There's so many new features needed in this new world. Really unclear why we hear so little about it, while maintainers smack the alarm bell that they're drowning in slop.
More recently:
Addressing GitHub's recent availability issues
https://github.blog/news-insights/company-news/addressing-gi...
(with a smattering of submissions here the last few weeks but no discussion)
That's the reason you hear the complaints: they're from people who no longer want to be using this product but have no choice.
Because Microsoft doesn't need to innovate or even provide good service to keep the flies glued, they do what they've been doing: focus all their resources on making the glue stickier rather than focusing on making people want to stay even if they had an option to leave.
Codespaces specifically is quite good for agent heavy teams. Launch a full stack runtime for PRs that are agent owned.
> keep hearing that Github is terrible
I do not doubt people are having issues and I'm sure there have been outages and problems, but none that have affected my work for weeks.GH is many things to many teams and my sense is that some parts of it are currently less stable than others. But the overall package is still quite good and delivers a lot of value, IMO.
There is a bit of an echo chamber effect with GH to some degree.
2026-02-27T10:11:51.1425380Z ##[error]The runner has received a shutdown signal. This can happen when the runner service is stopped, or a manually started runner is canceled. 2026-02-27T10:11:56.2331271Z ##[error]The operation was canceled.
I had to disable the workflows.
GitHub support response has been
“ We recommend reviewing the specific job step this occurs at to identify any areas where you can lessen parallel operations and CPU/memory consumption at one time.”
That plus other various issues makes me start to think about alternatives, and it would have never occurred to me one year back.
[0] https://github.com/Barre/ZeroFS/actions/runs/22480743922/job...
Once we got the email that they were going to charge for self-hosted runners that was the final nail in the coffin for us. They walked it back but we've lost faith entirely in the platform and vision.

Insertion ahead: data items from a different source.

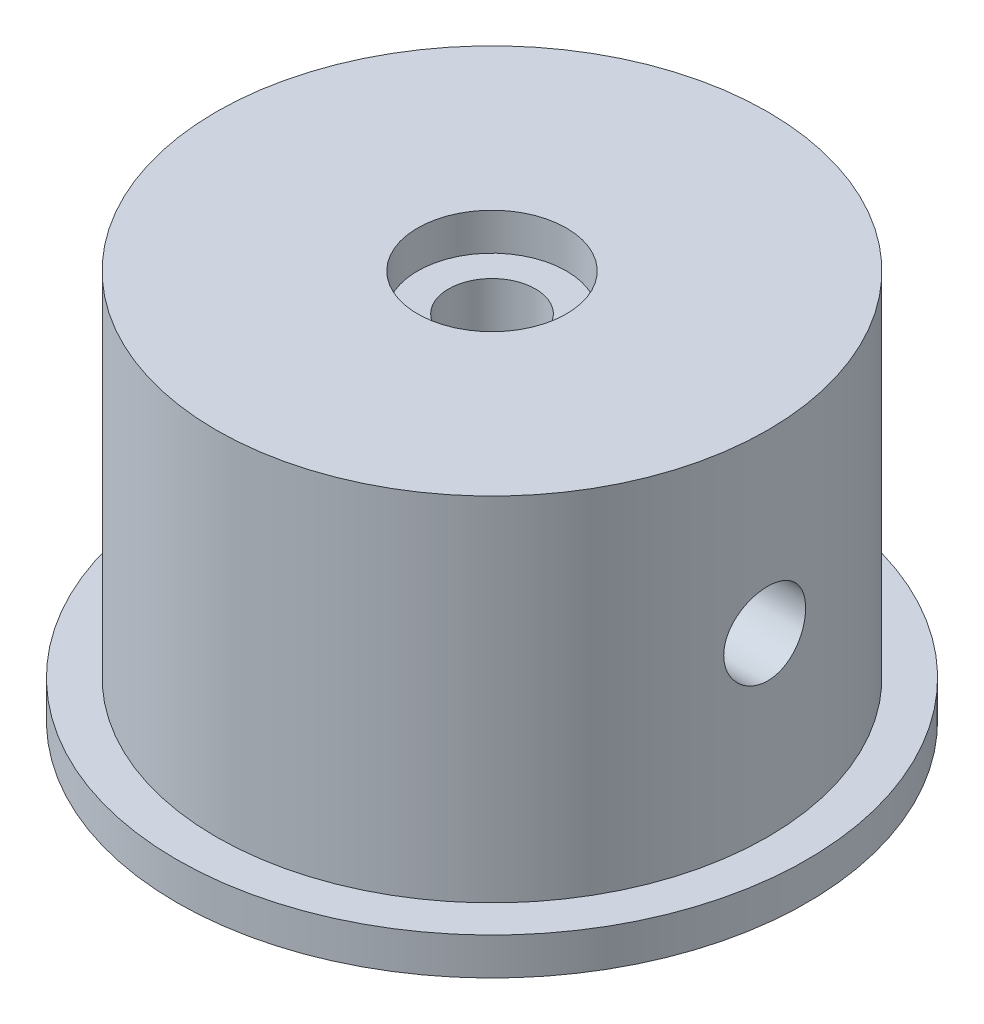
SolidWorks part; units mm, degrees
material "ABS"
ref_plane "Front Plane" through (0, 0, 0) normal (0, 0, 1) x (1, 0, 0)
ref_plane "Top Plane" through (0, 0, 0) normal (0, 1, 0) x (1, 0, 0)
ref_plane "Right Plane" through (0, 0, 0) normal (1, 0, 0) x (0, 0, -1)
sketch "Sketch1" plane through (0, 0, 0) normal (1, 0, 0) x (0, 0, -1)
  line L0 (-1.75, 0) -> (-3, 0)
  line L1 (-3, 0) -> (-3, -1.5)
  line L2 (-3, -1.5) -> (-12.7, -1.5)
  line L3 (-12.7, -1.5) -> (-12.7, 0)
  line L4 (-12.7, 0) -> (-11.1125, 0)
  line L5 (-11.1125, 0) -> (-11.1125, 14.2)
  line L6 (-11.1125, 14.2) -> (-3, 14.2)
  line L7 (-3, 14.2) -> (-3, 12.7)
  line L8 (-3, 12.7) -> (-1.75, 12.7)
  line L9 (-1.75, 12.7) -> (-1.75, 0)
  line L10 (0, -1000) -> (0, 49000) construction
  dimension "D1" = 12.7
  dimension "D2" = 11.1125
  dimension "D3" = 3
  dimension "D4" = 12.7
  dimension "D5" = 1.75
  dimension "D6" = 1.5
  dimension "D7" = 1.5
revolve "Revolve1" add sketch "Sketch1" angle 360 about L10
sketch "Sketch2" plane through (0, 0, 0) normal (1, 0, 0) x (0, 0, -1)
  line L0 (0, 0) -> (0, 14.2) construction
  line L1 (3, 14.2) -> (-3, 14.2) construction
  circle A0 centre (0, 7.1) radius 1.65
  point P2 (0, 0)
  point P8 (0, 7.1)
  point P9 (0, 0)
  dimension "D1" = 3.3
extrude "Cut-Extrude1" cut sketch "Sketch2" against normal up to next from offset 5 offset against normal yes
mirror "Mirror1" about plane through (0, 0, 0) normal (1, 0, 0) of "Cut-Extrude1"

Just don’t like the slop that’s getting us there.
Gitlab
Bitbucket
Sourceforge
Forgejo
Codeberg
Radicle
Launchpad
Owned by companies that help the US Federal Government illegally spy on their own citizens and murder children overseas:
Github
This sounded crazy in 2020 when I said that in [0]. Now it doesn't in 2026 and many have realized how unreliable GitHub has become.
If there was a prediction market on the next time GitHub would have at least one major outage per week, you would be making a lot of money since it appears that AI chatbots such as Tay.ai, Zoe and Copilot are somewhat in charge of wrecking the platform.
Any other platform wouldn't tolerate such outages.